▶ _Records to process_:
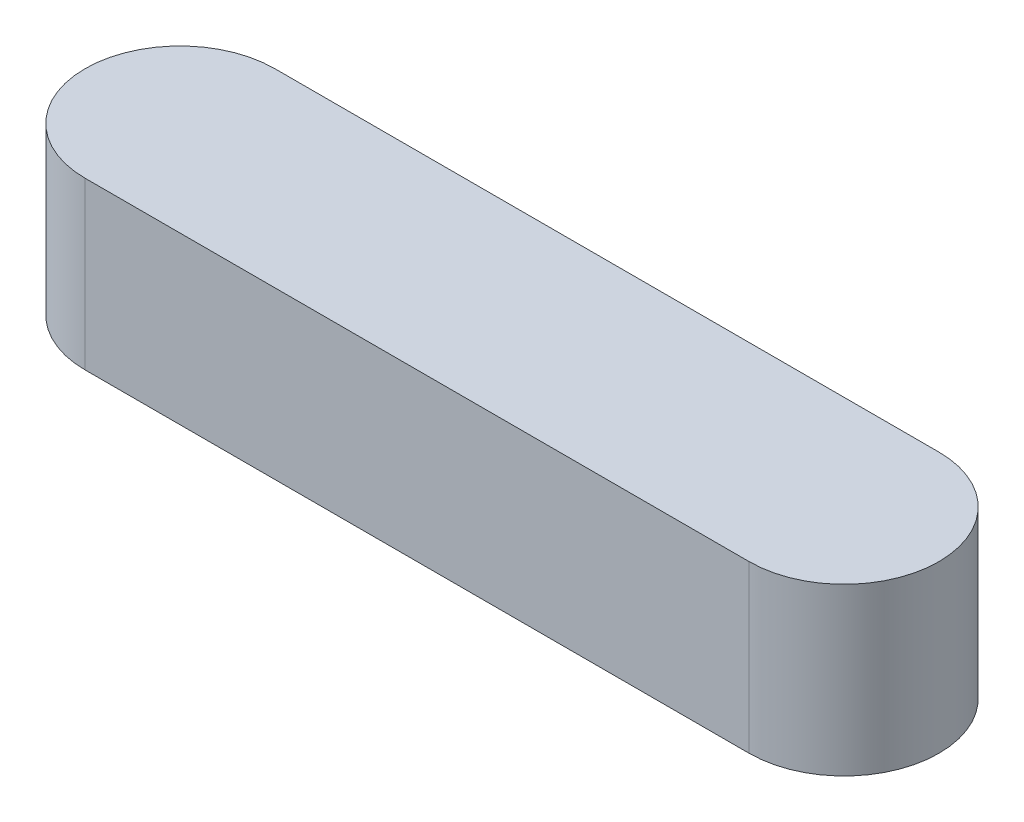
ISO-10303-21;
HEADER;
FILE_DESCRIPTION(('STEP AP214'),'2;1');
FILE_NAME('part.step','',(''),(''),'','','');
FILE_SCHEMA(('AUTOMOTIVE_DESIGN { 1 0 10303 214 1 1 1 1 }'));
ENDSEC;
DATA;
#1=APPLICATION_CONTEXT('core data for automotive mechanical design processes');
#2=APPLICATION_PROTOCOL_DEFINITION('international standard','automotive_design',2000,#1);
#3=PRODUCT_CONTEXT('',#1,'mechanical');
#4=PRODUCT('Part','Part','',(#3));
#5=PRODUCT_RELATED_PRODUCT_CATEGORY('part','',(#4));
#6=PRODUCT_DEFINITION_FORMATION('','',#4);
#7=PRODUCT_DEFINITION_CONTEXT('part definition',#1,'design');
#8=PRODUCT_DEFINITION('design','',#6,#7);
#9=PRODUCT_DEFINITION_SHAPE('','',#8);
#10=(LENGTH_UNIT() NAMED_UNIT(*) SI_UNIT(.MILLI.,.METRE.));
#11=(NAMED_UNIT(*) PLANE_ANGLE_UNIT() SI_UNIT($,.RADIAN.));
#12=(NAMED_UNIT(*) SI_UNIT($,.STERADIAN.) SOLID_ANGLE_UNIT());
#13=UNCERTAINTY_MEASURE_WITH_UNIT(LENGTH_MEASURE(1.E-05),#10,'distance_accuracy_value','');
#14=(GEOMETRIC_REPRESENTATION_CONTEXT(3) GLOBAL_UNCERTAINTY_ASSIGNED_CONTEXT((#13)) GLOBAL_UNIT_ASSIGNED_CONTEXT((#10,
#11,#12)) REPRESENTATION_CONTEXT('',''));
#15=CARTESIAN_POINT('',(0.,0.,0.));
#16=DIRECTION('',(0.,0.,1.));
#17=DIRECTION('',(1.,0.,0.));
#18=AXIS2_PLACEMENT_3D('',#15,#16,#17);
#19=CARTESIAN_POINT('',(0.,7.,0.));
#20=DIRECTION('',(0.,-1.,0.));
#21=DIRECTION('',(0.,0.,-1.));
#22=AXIS2_PLACEMENT_3D('',#19,#20,#21);
#23=CYLINDRICAL_SURFACE('',#22,4.);
#24=CARTESIAN_POINT('',(0.,0.,0.));
#25=DIRECTION('',(0.,1.,0.));
#26=DIRECTION('',(0.,0.,1.));
#27=AXIS2_PLACEMENT_3D('',#24,#25,#26);
#28=CIRCLE('',#27,4.);
#29=CARTESIAN_POINT('',(0.,0.,-4.));
#30=VERTEX_POINT('',#29);
#31=CARTESIAN_POINT('',(0.,0.,4.));
#32=VERTEX_POINT('',#31);
#33=EDGE_CURVE('E97',#30,#32,#28,.T.);
#34=ORIENTED_EDGE('',*,*,#33,.T.);
#35=DIRECTION('',(0.,-1.,0.));
#36=VECTOR('',#35,1.);
#37=CARTESIAN_POINT('',(0.,7.,4.));
#38=LINE('',#37,#36);
#39=CARTESIAN_POINT('',(0.,7.,4.));
#40=VERTEX_POINT('',#39);
#41=EDGE_CURVE('E11',#40,#32,#38,.T.);
#42=ORIENTED_EDGE('',*,*,#41,.F.);
#43=CARTESIAN_POINT('',(0.,7.,0.));
#44=DIRECTION('',(0.,1.,0.));
#45=DIRECTION('',(0.,0.,1.));
#46=AXIS2_PLACEMENT_3D('',#43,#44,#45);
#47=CIRCLE('',#46,4.);
#48=CARTESIAN_POINT('',(0.,7.,-4.));
#49=VERTEX_POINT('',#48);
#50=EDGE_CURVE('E85',#49,#40,#47,.T.);
#51=ORIENTED_EDGE('',*,*,#50,.F.);
#52=DIRECTION('',(0.,-1.,0.));
#53=VECTOR('',#52,1.);
#54=CARTESIAN_POINT('',(0.,7.,-4.));
#55=LINE('',#54,#53);
#56=EDGE_CURVE('E93',#49,#30,#55,.T.);
#57=ORIENTED_EDGE('',*,*,#56,.T.);
#58=EDGE_LOOP('',(#34,#42,#51,#57));
#59=FACE_BOUND('',#58,.T.);
#60=ADVANCED_FACE('F34',(#59),#23,.T.);
#61=CARTESIAN_POINT('',(0.,7.,4.));
#62=DIRECTION('',(0.,0.,-1.));
#63=DIRECTION('',(-1.,0.,0.));
#64=AXIS2_PLACEMENT_3D('',#61,#62,#63);
#65=PLANE('',#64);
#66=DIRECTION('',(1.,0.,0.));
#67=VECTOR('',#66,1.);
#68=CARTESIAN_POINT('',(0.,0.,4.));
#69=LINE('',#68,#67);
#70=CARTESIAN_POINT('',(28.,0.,4.));
#71=VERTEX_POINT('',#70);
#72=EDGE_CURVE('E89',#32,#71,#69,.T.);
#73=ORIENTED_EDGE('',*,*,#72,.T.);
#74=DIRECTION('',(0.,-1.,0.));
#75=VECTOR('',#74,1.);
#76=CARTESIAN_POINT('',(28.,7.,4.));
#77=LINE('',#76,#75);
#78=CARTESIAN_POINT('',(28.,7.,4.));
#79=VERTEX_POINT('',#78);
#80=EDGE_CURVE('E42',#79,#71,#77,.T.);
#81=ORIENTED_EDGE('',*,*,#80,.F.);
#82=DIRECTION('',(1.,0.,0.));
#83=VECTOR('',#82,1.);
#84=CARTESIAN_POINT('',(0.,7.,4.));
#85=LINE('',#84,#83);
#86=EDGE_CURVE('E80',#40,#79,#85,.T.);
#87=ORIENTED_EDGE('',*,*,#86,.F.);
#88=ORIENTED_EDGE('',*,*,#41,.T.);
#89=EDGE_LOOP('',(#73,#81,#87,#88));
#90=FACE_BOUND('',#89,.T.);
#91=ADVANCED_FACE('F88',(#90),#65,.F.);
#92=CARTESIAN_POINT('',(28.,7.,0.));
#93=DIRECTION('',(0.,-1.,0.));
#94=DIRECTION('',(0.,0.,-1.));
#95=AXIS2_PLACEMENT_3D('',#92,#93,#94);
#96=CYLINDRICAL_SURFACE('',#95,4.);
#97=CARTESIAN_POINT('',(28.,0.,0.));
#98=DIRECTION('',(0.,1.,0.));
#99=DIRECTION('',(0.,0.,1.));
#100=AXIS2_PLACEMENT_3D('',#97,#98,#99);
#101=CIRCLE('',#100,4.);
#102=CARTESIAN_POINT('',(28.,0.,-4.));
#103=VERTEX_POINT('',#102);
#104=EDGE_CURVE('E67',#71,#103,#101,.T.);
#105=ORIENTED_EDGE('',*,*,#104,.T.);
#106=DIRECTION('',(0.,-1.,0.));
#107=VECTOR('',#106,1.);
#108=CARTESIAN_POINT('',(28.,7.,-4.));
#109=LINE('',#108,#107);
#110=CARTESIAN_POINT('',(28.,7.,-4.));
#111=VERTEX_POINT('',#110);
#112=EDGE_CURVE('E90',#111,#103,#109,.T.);
#113=ORIENTED_EDGE('',*,*,#112,.F.);
#114=CARTESIAN_POINT('',(28.,7.,0.));
#115=DIRECTION('',(0.,1.,0.));
#116=DIRECTION('',(0.,0.,1.));
#117=AXIS2_PLACEMENT_3D('',#114,#115,#116);
#118=CIRCLE('',#117,4.);
#119=EDGE_CURVE('E83',#79,#111,#118,.T.);
#120=ORIENTED_EDGE('',*,*,#119,.F.);
#121=ORIENTED_EDGE('',*,*,#80,.T.);
#122=EDGE_LOOP('',(#105,#113,#120,#121));
#123=FACE_BOUND('',#122,.T.);
#124=ADVANCED_FACE('F91',(#123),#96,.T.);
#125=CARTESIAN_POINT('',(0.,7.,-4.));
#126=DIRECTION('',(0.,0.,1.));
#127=DIRECTION('',(1.,0.,0.));
#128=AXIS2_PLACEMENT_3D('',#125,#126,#127);
#129=PLANE('',#128);
#130=DIRECTION('',(-1.,0.,0.));
#131=VECTOR('',#130,1.);
#132=CARTESIAN_POINT('',(0.,0.,-4.));
#133=LINE('',#132,#131);
#134=EDGE_CURVE('E73',#103,#30,#133,.T.);
#135=ORIENTED_EDGE('',*,*,#134,.T.);
#136=ORIENTED_EDGE('',*,*,#56,.F.);
#137=DIRECTION('',(-1.,0.,0.));
#138=VECTOR('',#137,1.);
#139=CARTESIAN_POINT('',(0.,7.,-4.));
#140=LINE('',#139,#138);
#141=EDGE_CURVE('E50',#111,#49,#140,.T.);
#142=ORIENTED_EDGE('',*,*,#141,.F.);
#143=ORIENTED_EDGE('',*,*,#112,.T.);
#144=EDGE_LOOP('',(#135,#136,#142,#143));
#145=FACE_BOUND('',#144,.T.);
#146=ADVANCED_FACE('F104',(#145),#129,.F.);
#147=CARTESIAN_POINT('',(0.,7.,0.));
#148=DIRECTION('',(0.,1.,0.));
#149=DIRECTION('',(0.,0.,1.));
#150=AXIS2_PLACEMENT_3D('',#147,#148,#149);
#151=PLANE('',#150);
#152=ORIENTED_EDGE('',*,*,#50,.T.);
#153=ORIENTED_EDGE('',*,*,#86,.T.);
#154=ORIENTED_EDGE('',*,*,#119,.T.);
#155=ORIENTED_EDGE('',*,*,#141,.T.);
#156=EDGE_LOOP('',(#152,#153,#154,#155));
#157=FACE_BOUND('',#156,.T.);
#158=ADVANCED_FACE('F81',(#157),#151,.T.);
#159=CARTESIAN_POINT('',(0.,0.,0.));
#160=DIRECTION('',(0.,1.,0.));
#161=DIRECTION('',(0.,0.,1.));
#162=AXIS2_PLACEMENT_3D('',#159,#160,#161);
#163=PLANE('',#162);
#164=ORIENTED_EDGE('',*,*,#33,.F.);
#165=ORIENTED_EDGE('',*,*,#134,.F.);
#166=ORIENTED_EDGE('',*,*,#104,.F.);
#167=ORIENTED_EDGE('',*,*,#72,.F.);
#168=EDGE_LOOP('',(#164,#165,#166,#167));
#169=FACE_BOUND('',#168,.T.);
#170=ADVANCED_FACE('F107',(#169),#163,.F.);
#171=CLOSED_SHELL('',(#60,#91,#124,#146,#158,#170));
#172=MANIFOLD_SOLID_BREP('B2',#171);
#173=ADVANCED_BREP_SHAPE_REPRESENTATION('',(#18,#172),#14);
#174=SHAPE_DEFINITION_REPRESENTATION(#9,#173);
ENDSEC;
END-ISO-10303-21;

▶ _Activity_: Write down exactly the span of lines above from the one containing "#152=ORIENTED_EDGE('',*,*,#50,.T.);" to the one containing "#159=CARTESIAN_POINT('',(0.,0.,0.));", both ends included.

▶ _Written answer_:
#152=ORIENTED_EDGE('',*,*,#50,.T.);
#153=ORIENTED_EDGE('',*,*,#86,.T.);
#154=ORIENTED_EDGE('',*,*,#119,.T.);
#155=ORIENTED_EDGE('',*,*,#141,.T.);
#156=EDGE_LOOP('',(#152,#153,#154,#155));
#157=FACE_BOUND('',#156,.T.);
#158=ADVANCED_FACE('F81',(#157),#151,.T.);
#159=CARTESIAN_POINT('',(0.,0.,0.));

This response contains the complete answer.